The report notes that the 107 case files reviewed are “redacted, incomplete, and often do not contain all relevant data pertaining to the cases.”
But that incompleteness is another symptom of the problem, the report charges. It “calls into question the [Defense] Department’s commitment to transparency.”
Gillibrand’s office asked for all relevant cases from the past five years; instead, they got reports from one year. The number of reports was also suspiciously low given other data about the prevalence of assaults.
And the actual outcomes of these cases “suggests a large scale systemic failure and a culture that protects the accused and ostracizes the survivor at the expense of the public and the servicemembers’ safety,” the report reads.
Most military spouses declined to press charges, and none of those cases reviewed that went forward resulted in a conviction.
Almost half of all survivors gave up after taking the first steps through the process, which the report says could indicate a lack of faith in the system or problems with retaliation.
Twenty-four of the 107 cases proceeded to trial. Eleven of those resulted in a sexual assault conviction, six resulted in conviction on a lesser charge, and seven resulted in acquittals.
The report also looked behind the numbers, highlighting several case studies that show how “dysfunctional” the current military justice system is.
Serial rapists may have been allowed to walk free in two cases. In one case, the suspect was discharged despite a recommendation that he be court-martialed; in the other, there was no record of an investigation or punishment, despite DNA evidence.
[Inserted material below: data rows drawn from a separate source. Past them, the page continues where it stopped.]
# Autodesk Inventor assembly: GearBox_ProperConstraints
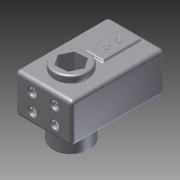
[picture p0: Inventor's stored thumbnail of the model, 180x180]
Saved by Autodesk Inventor 2012 (Build 160160000, 160)
## iProperties
Created: 2011-10-22
Part Number: GearBox_ProperConstraints
Document SubType Name: Assembly
Designer: KuttaA
Mass: 25.554 g
Surface Area: 211.568 cm^2
Volume: 25.554 cm^3
Density: 1 g/cm^3
Author: KuttaA
## Documents named in this file (7)
- C:\Users\Drew\Dropbox\Hexapod Research\Leg Design\Other Parts\Intermediary Gear Box\GearBox_ProperConstraints.iam
- C:\Users\Drew\Dropbox\Hexapod Research\Leg Design\Other Parts\Intermediary Gear Box\GearboxWallOutput.ipt
- C:\Users\Drew\Dropbox\Hexapod Research\Leg Design\Other Parts\Intermediary Gear Box\DerivedPartsFromAssemblies\LargeGearInput.ipt
- C:\Users\Drew\Dropbox\Hexapod Research\Leg Design\Other Parts\Intermediary Gear Box\DerivedPartsFromAssemblies\TransferGear.ipt
- C:\Users\Drew\Dropbox\Hexapod Research\Leg Design\Other Parts\Intermediary Gear Box\DerivedPartsFromAssemblies\SmallGearOutput.ipt
- C:\Users\Drew\Dropbox\Hexapod Research\Leg Design\Other Parts\Intermediary Gear Box\DerivedPartsFromAssemblies\GearboxTopAndAxle.ipt
- C:\Users\Drew\Dropbox\Hexapod Research\Leg Design\Other Parts\Intermediary Gear Box\GearBoxPin.ipt
## Components (9 placed, 6 different names)
1. GearboxWallOutput:1 — Mate:1, Mate:11, Mate:20, Mate:22, Mate:25, Mate:26, Mate:27, Mate:28, Mate:29, Mate:30, Flush:1, Flush:2, Flush:3, Flush:4, Mate:31, Mate:32
2. LargeGearInput:1 — Mate:11, Rotation:1, Mate:28
3. SmallGearOutput:1 — Mate:20, Mate:22, Rotation:2
4. TransferGear:1 — Rotation:1, Rotation:2, Mate:23, Mate:24
5. GearboxTopAndAxle:1 — Mate:23, Mate:24, Mate:25, Mate:26, Mate:27
6. GearBoxPin:1 — Flush:4, Mate:31
7. GearBoxPin:2 — Flush:3, Mate:32
8. GearBoxPin:3 — Mate:29, Flush:2
9. GearBoxPin:4 — Mate:30, Flush:1
## Relationships (20: Mate 14, Flush 4, RelateRotation 2)
- Mate:1: GearboxWallOutput:1
- Mate:11: GearboxWallOutput:1 ↔ LargeGearInput:1
- Mate:20: GearboxWallOutput:1 ↔ SmallGearOutput:1
- Mate:22 (0.3 mm): GearboxWallOutput:1 ↔ SmallGearOutput:1
- Rotation:1 [RelateRotation] (0.7692 ul): LargeGearInput:1 ↔ TransferGear:1
- Rotation:2 [RelateRotation] (1.3 ul): SmallGearOutput:1 ↔ TransferGear:1
- Mate:23: TransferGear:1 ↔ GearboxTopAndAxle:1
- Mate:24 (0.3 mm): TransferGear:1 ↔ GearboxTopAndAxle:1
- Mate:25 (0.3 mm): GearboxWallOutput:1 ↔ GearboxTopAndAxle:1
- Mate:26 (0.1 mm): GearboxWallOutput:1 ↔ GearboxTopAndAxle:1
- Mate:27: GearboxWallOutput:1 ↔ GearboxTopAndAxle:1
- Mate:28 (0.3 mm): GearboxWallOutput:1 ↔ LargeGearInput:1
- Mate:29: GearboxWallOutput:1 ↔ GearBoxPin:3
- Mate:30: GearboxWallOutput:1 ↔ GearBoxPin:4
- Flush:1: GearboxWallOutput:1 ↔ GearBoxPin:4
- Flush:2: GearboxWallOutput:1 ↔ GearBoxPin:3
- Flush:3: GearboxWallOutput:1 ↔ GearBoxPin:2
- Flush:4: GearboxWallOutput:1 ↔ GearBoxPin:1
- Mate:31: GearboxWallOutput:1 ↔ GearBoxPin:1
- Mate:32: GearboxWallOutput:1 ↔ GearBoxPin:2
# Autodesk Inventor assembly: 000 Ensamblaje hw_LM - BASIC
(part 3 of 3)
- Angle:141 (0 deg): S32E288ABCAAMJGT:1 ↔ UQFN-16:2
## Named parameters: d177_d162 = 0 mm, d178_d163 = 0 mm, d182_d178_d163 = 0 mm, d183_d180 = 0 mm, d191_d186 = 0 mm, d192_d187 = 0 mm, d193_d188 = 0 mm, d194_d189 = 0 mm, d196_d184 = 0 mm, d197_d177_d162 = 0 mm, d198_d178_d163 = 0 mm, d199_d179 = 0 mm, d200_d180 = 0 mm, d201_d184 = 0 mm, d202_d177_d162 = 0 mm, d203_d178_d163 = 0 mm, d204_d179 = 0 mm, d205_d180 = 0 mm, d230_d186 = 0 mm, d231_d187 = 0 mm, d237_d198_d178_d163 = 0 mm, d238_d200_d180 = 0 mm, d239_d202_d177_d162 = 0 mm, d240_d203_d178_d163 = 0 mm, d241_d204_d179 = 0 mm, d242_d205_d180 = 0 mm, d243_d206 = 0 mm, d264_d261 = 0 mm, d265_d262 = 0 mm, d266_d263 = 0 mm, d304_d302 = 0 mm, d308_d306 = 0 mm, d309_d307 = 0 mm, d310_d304_d302 = 0 mm, d312_d306 = 0 mm, d313_d307 = 0 mm, d314_d304_d302 = 0 mm, d316_d237_d198_d178_d163 = 0 mm, d317_d238_d200_d180 = 0 mm, d318_d240_d203_d178_d163 = 0 mm, d319_d242_d205_d180 = 0 mm, d320_d243_d206 = 0 mm, d323_d316_d237_d198_d178_d163 = 0 mm, d324_d317_d238_d200_d180 = 0 mm, d325_d318_d240_d203_d178_d163 = 0 mm, d326_d319_d242_d205_d180 = 0 mm, d327_d320_d243_d206 = 0 mm, d328_d321 = 0 mm, d331_d323_d316_d237_d198_d178_d163 = 0 mm, d332_d324_d317_d238_d200_d180 = 0 mm, d336_d306 = 0 mm, d337_d322 = 0 mm, d338_d304_d302 = 0 mm, d345_d237_d198_d178_d163 = 0 mm, d346_d238_d200_d180 = 0 mm, d398_d394 = 0 mm, d399_d395 = 0 mm, d421_d415 = 0 mm, d442_d178_d163 = 0 mm, d443_d180 = 0 mm, d444_d178_d163 = 0 mm, d445_d180 = 0 mm, d446_d178_d163 = 0 mm, d447_d180 = 0 mm, d456_d340 = 0 mm, d457_d340 = 0 mm, d463_d456_d340 = 0 mm, d464_d457_d340 = 0 mm, d465_d458 = 0 mm, d466_d459 = 0 mm, d467_d460 = 0 mm, d468_d461 = 0 mm, d471_d456_d340 = 0 mm, d472_d457_d340 = 0 mm, d473_d458 = 0 mm, d474_d459 = 0 mm, d475_d460 = 0 mm, d476_d461 = 0 mm, d477_d463_d456_d340 = 0 mm, d478_d464_d457_d340 = 0 mm, d479_d465_d458 = 0 mm, d480_d466_d459 = 0 mm, d481_d467_d460 = 0 mm, d482_d468_d461 = 0 mm, d483_d469 = 0 mm, d484_d470 = 0 mm, d488_d471_d456_d340 = 0 mm, d489_d472_d457_d340 = 0 mm, d490_d473_d458 = 0 mm, d491_d474_d459 = 0 mm, d492_d475_d460 = 0 mm, d493_d476_d461 = 0 mm, d494_d477_d463_d456_d340 = 0 mm, d495_d478_d464_d457_d340 = 0 mm, d496_d479_d465_d458 = 0 mm, d497_d480_d466_d459 = 0 mm, d498_d481_d467_d460 = 0 mm, d499_d482_d468_d461 = 0 mm, d500_d483_d469 = 0 mm, d501_d484_d470 = 0 mm, d502_d486 = 0 mm, d506_d471_d456_d340 = 0 mm, d507_d489_d472_d457_d340 = 0 mm, d508_d490_d473_d458 = 0 mm, d509_d492_d475_d460 = 0 mm, d510_d495_d478_d464_d457_d340 = 0 mm, d511_d496_d479_d465_d458 = 0 mm, d512_d498_d481_d467_d460 = 0 mm, d513_d502_d486 = 0 mm, d514_d503 = 0 mm, d515_d504 = 0 mm, d516_d471_d456_d340 = 0 mm, d517_d489_d472_d457_d340 = 0 mm, d518_d490_d473_d458 = 0 mm, d519_d492_d475_d460 = 0 mm, d520_d495_d478_d464_d457_d340 = 0 mm, d521_d496_d479_d465_d458 = 0 mm, d522_d498_d481_d467_d460 = 0 mm, d523_d502_d486 = 0 mm, d524_d503 = 0 mm, d525_d504 = 0 mm, d529_d507_d489_d472_d457_d340 = 0 mm, d530_d508_d490_d473_d458 = 0 mm, d531_d509_d492_d475_d460 = 0 mm, d575_d507_d489_d472_d457_d340 = 0 mm, d576_d508_d490_d473_d458 = 0 mm, d577_d509_d492_d475_d460 = 0 mm, d581_d575_d507_d489_d472_d457_d340 = 0 mm, d582_d576_d508_d490_d473_d458 = 0 mm, d583_d577_d509_d492_d475_d460 = 0 mm, d584_d578 = 0 mm, d585_d579 = 0 mm, d586_d580 = 0 mm, d591_d581_d575_d507_d489_d472_d457_d340 = 0 mm, d592_d582_d576_d508_d490_d473_d458 = 0 mm, d593_d583_d577_d509_d492_d475_d460 = 0 mm, d594_d584_d578 = 0 mm, d595_d585_d579 = 0 mm, d596_d586_d580 = 0 mm, d597_d589 = 0 mm, d598_d590 = 0 mm, d599_d581_d575_d507_d489_d472_d457_d340 = 0 mm, d600_d582_d576_d508_d490_d473_d458 = 0 mm, d601_d583_d577_d509_d492_d475_d460 = 0 mm, d602_d584_d578 = 0 mm, d603_d585_d579 = 0 mm, d604_d586_d580 = 0 mm, d605_d589 = 0 mm, d606_d590 = 0 mm, d607_d591_d581_d575_d507_d489_d472_d457_d340 = 0 mm, d608_d592_d582_d576_d508_d490_d473_d458 = 0 mm, d609_d593_d583_d577_d509_d492_d475_d460 = 0 mm, d610_d594_d584_d578 = 0 mm, d611_d595_d585_d579 = 0 mm, d612_d596_d586_d580 = 0 mm, d613_d597_d589 = 0 mm, d614_d598_d590 = 0 mm, d632_d599_d581_d575_d507_d489_d472_d457_d340 = 0 mm, d633_d600_d582_d576_d508_d490_d473_d458 = 0 mm, d634_d601_d583_d577_d509_d492_d475_d460 = 0 mm, d635_d602_d584_d578 = 0 mm, d636_d603_d585_d579 = 0 mm, d637_d604_d586_d580 = 0 mm, d638_d605_d589 = 0 mm, d639_d606_d590 = 0 mm, d640_d623 = 0 deg, d641_d624 = 0 deg, d642_d625 = 0 deg, d643_d626 = 0 deg, d644_d627 = 0 deg, d645_d628 = 0 deg, d646_d629 = 0 deg, d650_d581_d575_d507_d489_d472_d457_d340 = 0 mm, d651_d582_d576_d508_d490_d473_d458 = 0 mm, d652_d446_d178_d163 = 0 mm, d653_d447_d180 = 0 mm, d654_d449 = 0 mm, d655_d452 = 0 mm, d656_d581_d575_d507_d489_d472_d457_d340 = 0 mm, d657_d582_d576_d508_d490_d473_d458 = 0 mm, d658_d446_d178_d163 = 0 mm, d659_d447_d180 = 0 mm, d660_d449 = 0 mm, d661_d452 = 0 mm, d671_d574 = 0 mm, d682_d678 = 0 mm, d683_d679 = 0 mm, d684_d680 = 0 mm, d709_d706 = 0 mm, d710_d707 = 0 mm, d733_d728 = 0 mm, d734_d730 = 0 mm, d735_d731 = 0 mm, d736_d732 = 0 mm, d737_d728 = 0 mm, d738_d730 = 0 mm, d739_d731 = 0 mm, d740_d732 = 0 mm, d746_d737_d728 = 0 mm, d747_d738_d730 = 0 mm, d748_d739_d731 = 0 mm, d749_d740_d732 = 0 mm, d750_d737_d728 = 0 mm, d751_d738_d730 = 0 mm, d752_d739_d731 = 0 mm, d753_d740_d732 = 0 mm, d759_d750_d737_d728 = 0 mm, d760_d751_d738_d730 = 0 mm, d761_d752_d739_d731 = 0 mm, d762_d753_d740_d732 = 0 mm, d763_d750_d737_d728 = 0 mm, d764_d751_d738_d730 = 0 mm, d765_d752_d739_d731 = 0 mm, d766_d753_d740_d732 = 0 mm, d771_d763_d750_d737_d728 = 0 mm, d772_d764_d751_d738_d730 = 0 mm, d773_d765_d752_d739_d731 = 0 mm, d774_d766_d753_d740_d732 = 0 mm, d775_d763_d750_d737_d728 = 0 mm, d776_d764_d751_d738_d730 = 0 mm, d777_d765_d752_d739_d731 = 0 mm, d778_d766_d753_d740_d732 = 0 mm, d783_d775_d763_d750_d737_d728 = 0 mm, d784_d777_d765_d752_d739_d731 = 0 mm, d785_d778_d766_d753_d740_d732 = 0 mm, d786_d775_d763_d750_d737_d728 = 0 mm, d787_d777_d765_d752_d739_d731 = 0 mm, d788_d778_d766_d753_d740_d732 = 0 mm, d798_d775_d763_d750_d737_d728 = 0 mm, d799_d786_d775_d763_d750_d737_d728 = 0 mm, d800_d787_d777_d765_d752_d739_d731 = 0 mm, d801_d788_d778_d766_d753_d740_d732 = 0 mm, d802_d790 = 0 deg, d803_d793 = 0 deg, d804_d794 = 0 deg, d810_d786_d775_d763_d750_d737_d728 = 0 mm, d811_d787_d777_d765_d752_d739_d731 = 0 mm, d812_d788_d778_d766_d753_d740_d732 = 0 mm, d814_d793 = 0 deg, d815_d794 = 0 deg, d816_d798_d775_d763_d750_d737_d728 = 0 mm, d817_d799_d786_d775_d763_d750_d737_d728 = 0 mm, d818_d800_d787_d777_d765_d752_d739_d731 = 0 mm, d819_d801_d788_d778_d766_d753_d740_d732 = 0 mm, d820_d802_d790 = 0 deg, d821_d803_d793 = 0 deg, d822_d804_d794 = 0 deg, d823_d805 = 0 mm, d824_d806 = 0 mm, d825_d807 = 0 mm, d836_d829 = 0 mm, d839_d810_d786_d775_d763_d750_d737_d728 = 0 mm, d840_d811_d787_d777_d765_d752_d739_d731 = 0 mm, d841_d812_d788_d778_d766_d753_d740_d732 = 0 mm, d842_d814_d793 = 0 deg, d843_d815_d794 = 0 deg, d844_d817_d799_d786_d775_d763_d750_d737_d728 = 0 mm, d845_d818_d800_d787_d777_d765_d752_d739_d731 = 0 mm, d846_d819_d801_d788_d778_d766_d753_d740_d732 = 0 mm, d847_d821_d803_d793 = 0 deg, d848_d822_d804_d794 = 0 deg, d856_d836_d829 = 0 mm, d857_d837_d775_d763_d750_d737_d728 = 0 mm, d858_d838_d790 = 0 deg, d859_d839_d810_d786_d775_d763_d750_d737_d728 = 0 mm, d860_d840_d811_d787_d777_d765_d752_d739_d731 = 0 mm, d861_d841_d812_d788_d778_d766_d753_d740_d732 = 0 mm, d862_d842_d814_d793 = 0 deg, d863_d843_d815_d794 = 0 deg, d867_d847_d821_d803_d793 = 0 deg, d868_d848_d822_d804_d794 = 0 deg, d869_d849 = 0 mm, d870_d851 = 0 mm, d871_d852 = 0 mm, d872_d853 = 0 mm, d880_d878 = 0 deg, d882_d847_d821_d803_d793 = 0 deg, d886_d883 = 0 mm, d887_d884 = 0 mm, d888_d885 = 0 mm, d889_d878 = 0 deg, d890_d880_d878 = 0 deg, d892_d882_d847_d821_d803_d793 = 0 deg, d894_d847_d821_d803_d793 = 0 deg, d899_d878 = 0 deg, d901_d847_d821_d803_d793 = 0 deg, d906_d878 = 0 deg, d908_d847_d821_d803_d793 = 0 deg

A 34-year-old Marine allegedly gave wine to a 17-year-old civilian and raped her, held her down, and inserted an object into her anus, but he received no trial; instead he paid a fine and was demoted one rank after pleading guilty to adultery and giving alcohol to a minor.
A military wife committed suicide after alleging rape by her husband, who wasn’t charged despite physical evidence of assault, including dried blood and bruising.
These findings point to the need for independent prosecutors, not military commanders, to adjudicate sexual assault cases, the report says.
Gillibrand has been a vocal advocate for this policy change, citing the lack of legal training and frequent conflicts of interest among commanders.